Before they take off early for Thanksgiving break, the Supreme Court will hear oral arguments in five cases this week, which Legal Consultant Andrew Cohen calls a fairly eclectic mix of issues. They range from how the Coal Industry Retiree Health Benefit Act ought to be interpreted to how far a trial judge must go in asking about a defense attorney's conflict of interest.

On Monday, the Justices will listen to arguments in two cases relating to the criminal justice system. In Mickens v. Taylor, the Court will hear a case out of Virginia in which Walter Mickens, Jr. was convicted and sentenced to death for the 1992 murder of teenager Timothy Hall. As it turned out, Mickens' lawyer during the trial, a fellow named Bryan Saunders, also had represented Hall, the victim, on unrelated charges which were pending at the time of his death. The trial judge had appointed Saunders to represent Hall and then, later, had chosed Saunders to represent Mickens. Mickens didn't know about the double representation; Saunders never mentioned it to anyone; and the judge didn't say anything about it either.

CBS Legal Consultant
Andrew Cohen

After the trial, Mickens' new attorneys (all capital defendants are given new attorneys during their federal appeal) discovered Saunders' dual role. They argued that Mickens had been denied effective assistance of counsel because Saunders hadn't told him that he was representing the victim at the time of his death.

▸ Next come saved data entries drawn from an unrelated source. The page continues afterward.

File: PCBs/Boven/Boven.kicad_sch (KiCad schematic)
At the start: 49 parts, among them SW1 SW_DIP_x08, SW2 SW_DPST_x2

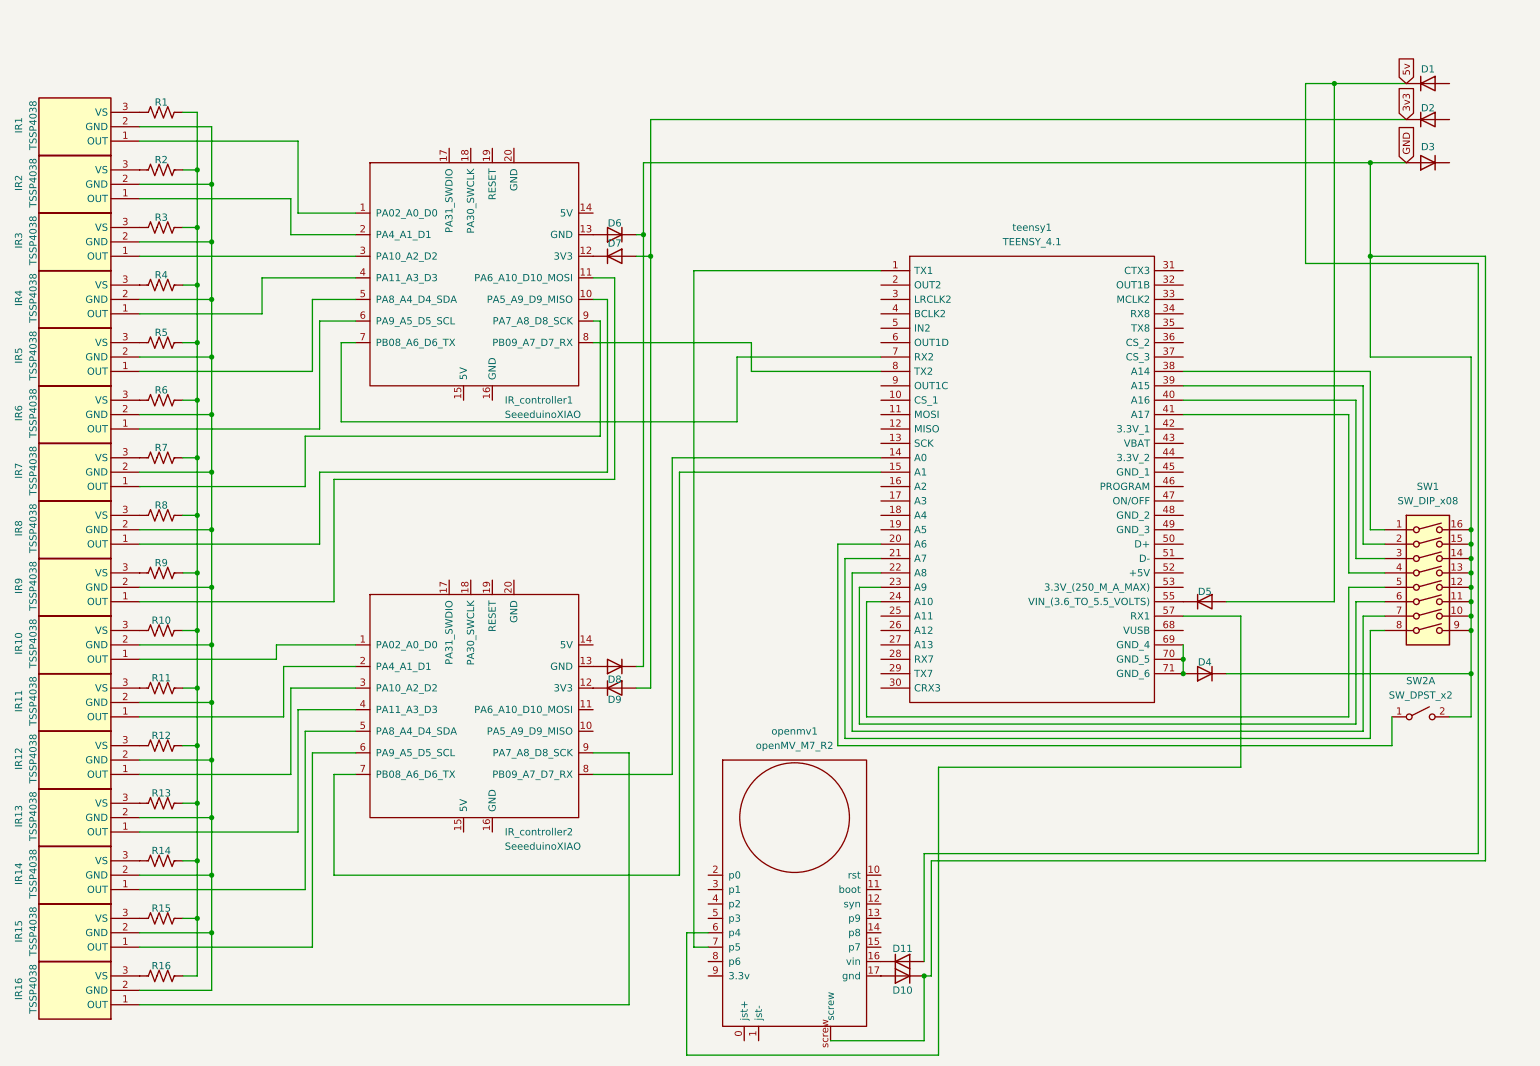
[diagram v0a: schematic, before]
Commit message: PCB schemas
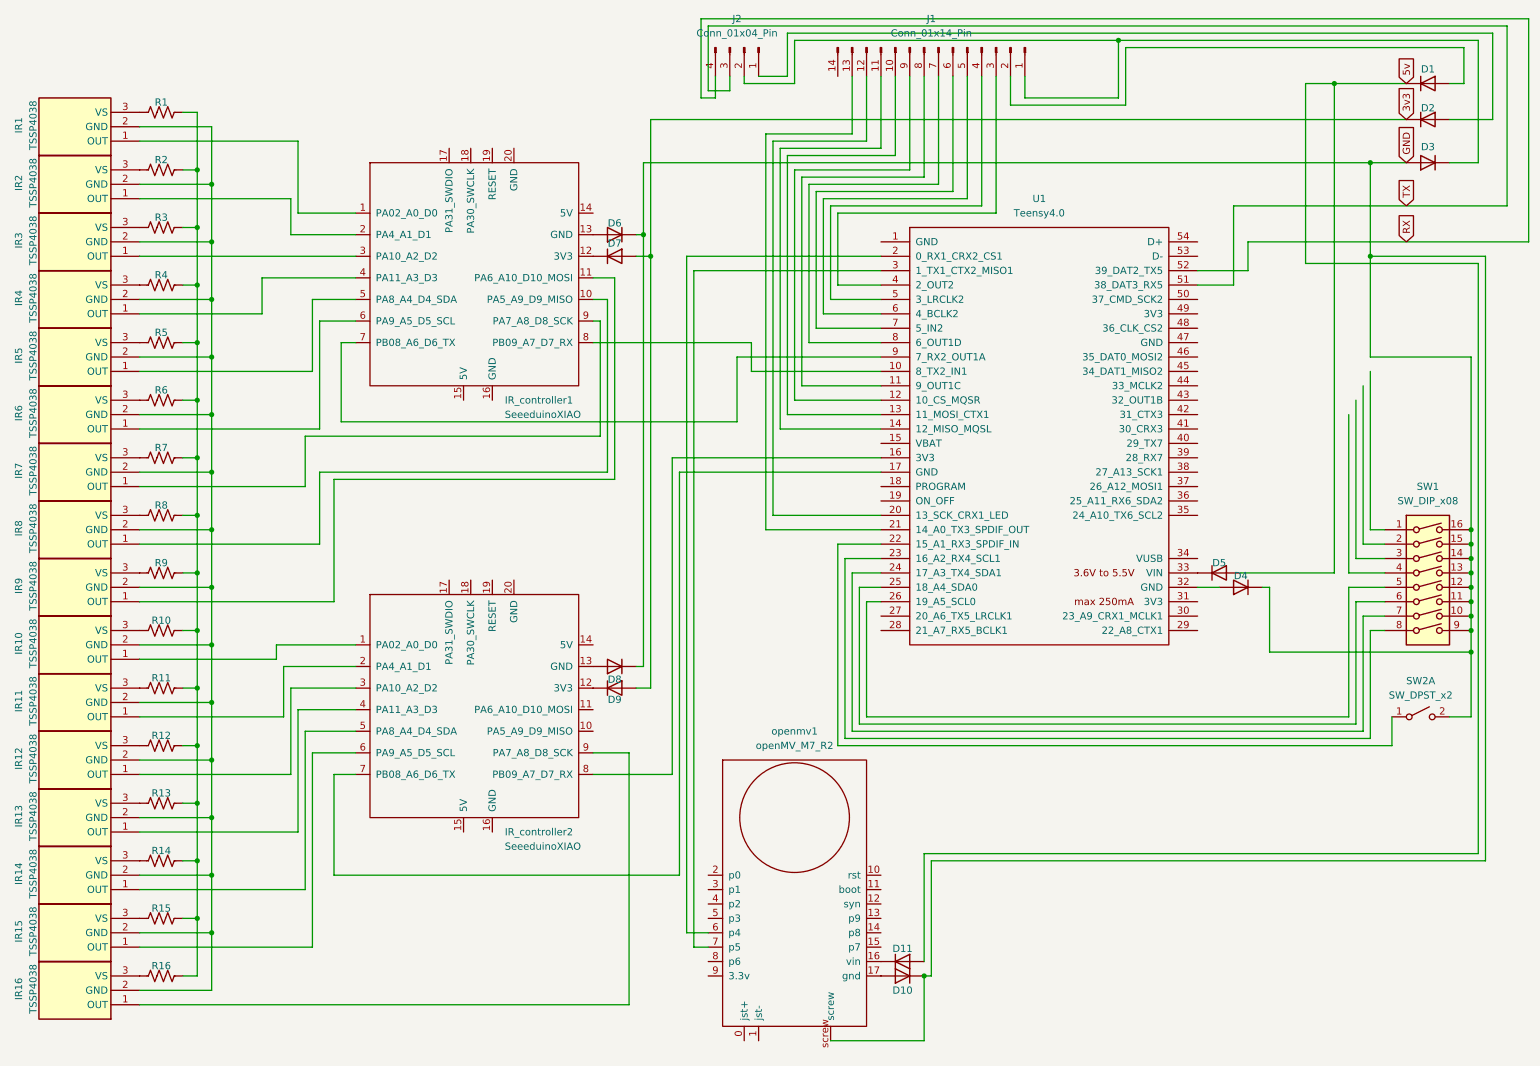
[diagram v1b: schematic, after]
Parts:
- removed teensy1: TEENSY_4.1, TEENSY41, symbol TEENSY_4.1:TEENSY_4.1
- added J1: Conn_01x14_Pin, symbol Connector:Conn_01x14_Pin
- added J2: Conn_01x04_Pin, symbol Connector:Conn_01x04_Pin
- added U1: Teensy4.0, symbol teensy:Teensy4.0
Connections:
- net at D1.2 (A): now also J1.2 (Pin_2)
- net at D4.2 (A): now also U1.32 (GND)
- net at IR_controller2.7 (PB08_A6_D6_TX): now also U1.17 (GND)
- net at IR_controller2.8 (PB09_A7_D7_RX): now also U1.16 (3V3)
- net at IR_controller1.7 (PB08_A6_D6_TX): now also U1.9 (7_RX2_OUT1A)
- net at IR_controller1.8 (PB09_A7_D7_RX): now also U1.10 (8_TX2_IN1)
- net at SW1.5: now also U1.26 (19_A5_SCL0)
- net at SW1.6: now also U1.25 (18_A4_SDA0)
- net at SW1.7: now also U1.24 (17_A3_TX4_SDA1)
- net at SW1.8: now also U1.23 (16_A2_RX4_SCL1)
- net at D2.2 (A): now also J2.1 (Pin_1)
- net at D3.1 (K): now also J1.1 (Pin_1), J2.2 (Pin_2)
- net at openmv1.6 (p4): now also U1.2 (0_RX1_CRX2_CS1)
- net at openmv1.7 (p5): now also U1.3 (1_TX1_CTX2_MISO1)
- net at SW2.1 (A): now also U1.22 (15_A1_RX3_SPDIF_IN)
- net at D5.1 (K): now also U1.33 (VIN)
- new net: J1.10 (Pin_10), U1.13 (11_MOSI_CTX1)
- new net: J1.11 (Pin_11), U1.14 (12_MISO_MQSL)
- new net: J1.12 (Pin_12), U1.20 (13_SCK_CRX1_LED)
- new net: J1.13 (Pin_13), U1.21 (14_A0_TX3_SPDIF_OUT)
- new net: J1.3 (Pin_3), U1.4 (2_OUT2)
- new net: J1.4 (Pin_4), U1.5 (3_LRCLK2)
- new net: J1.5 (Pin_5), U1.6 (4_BCLK2)
- new net: J1.6 (Pin_6), U1.7 (5_IN2)
- new net: J1.7 (Pin_7), U1.8 (6_OUT1D)
- new net: J1.8 (Pin_8), U1.11 (9_OUT1C)
- new net: J1.9 (Pin_9), U1.12 (10_CS_MQSR)
- new net RX: J2.4 (Pin_4), U1.52 (39_DAT2_TX5)
- new net TX: J2.3 (Pin_3), U1.51 (38_DAT3_RX5)
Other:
- company: (none) -> Robotica Mendelcollege
- title: (none) -> Bovenste PCB schema
- moved on the sheet: D4, D5

Sounds reasonable enough to me.

But a federal judge and then the whole 4th U.S. Circuit Court of Appeals ruled that there was no actual conflict of interest between Mickens and his attorney and even if there were it had not affected Saunders' ability to represent his client. The Supreme Court will have the final say.

On Tuesday, the Justices take on another two cases touching upon the criminal justice system. In United States v. Vonn, the Justices will be asked to decide how often during the pre-trial process a defendant must be advised of his right to an attorney at trial. In Alphonso Vonn's case, he was advised of that right first by a federal magistrate during his initial appearance. At his subsequent arraignment, he also was advised by a judge of his right to counsel throughout his case. He even signed a form acknowledging that he understood those rights. But the federal judge who in 1997 accepted Vonn's guilty plea to armed bank robbery apparently forgot to mention that right again to Vonn during the colloquy that always must take place between the defendant and the juge during a plea session. Later, Vonn also pleaded guilty to two other charges and, again, the judge said nothing at the time about his right to counsel at trial. Vonn's public defender said nothing.

When Vonn changed his mind a year later, and tried to withdraw his guilty plea, his request was denied. He appealed and the 9th U.S. Circuit Court of Appeals — the California based federal appeals court which almost always butts heads with the more conservative Supreme Court — ruled that Vonn had indeed been wronged by the omission. The High Court will be asked as part of this appeal to perhaps choose between two very different legal standards governing such appeals.

The Court also will take on another appeal from the 9th U.S. Circuit Court of Appeals on the issue of whether someone's consent to a warrantless search as part of a probation agreement (i.e., for probation purposes) gives law enforcement officials the right to a warrantless search for investigative purposes.

On Wednesday, the Court will take a break from criminal law and focus upon two civil statutes. First, the Court will look at the case of a Kentucky woman who sued Toyota under the Americans with Disabilities Act, arguing that she became disabled after three months of using vibrating tools. She contends that the company failed to reasonably accommodate her disability. Toyota contends that it tried to accommodate her but that she doesn't warrant protection under the ADA because she is only partially impaired. This will be the second ADA case of the Court's just-begun term.

Finally, on Wednesday, the Court will hear arguments in a case that means an awful lot to a few and very little to most. The Justices will decide how far the Coal Industry Retiree Health Benefit Act goes in protecting beneficiaries even at the expense of successor companies.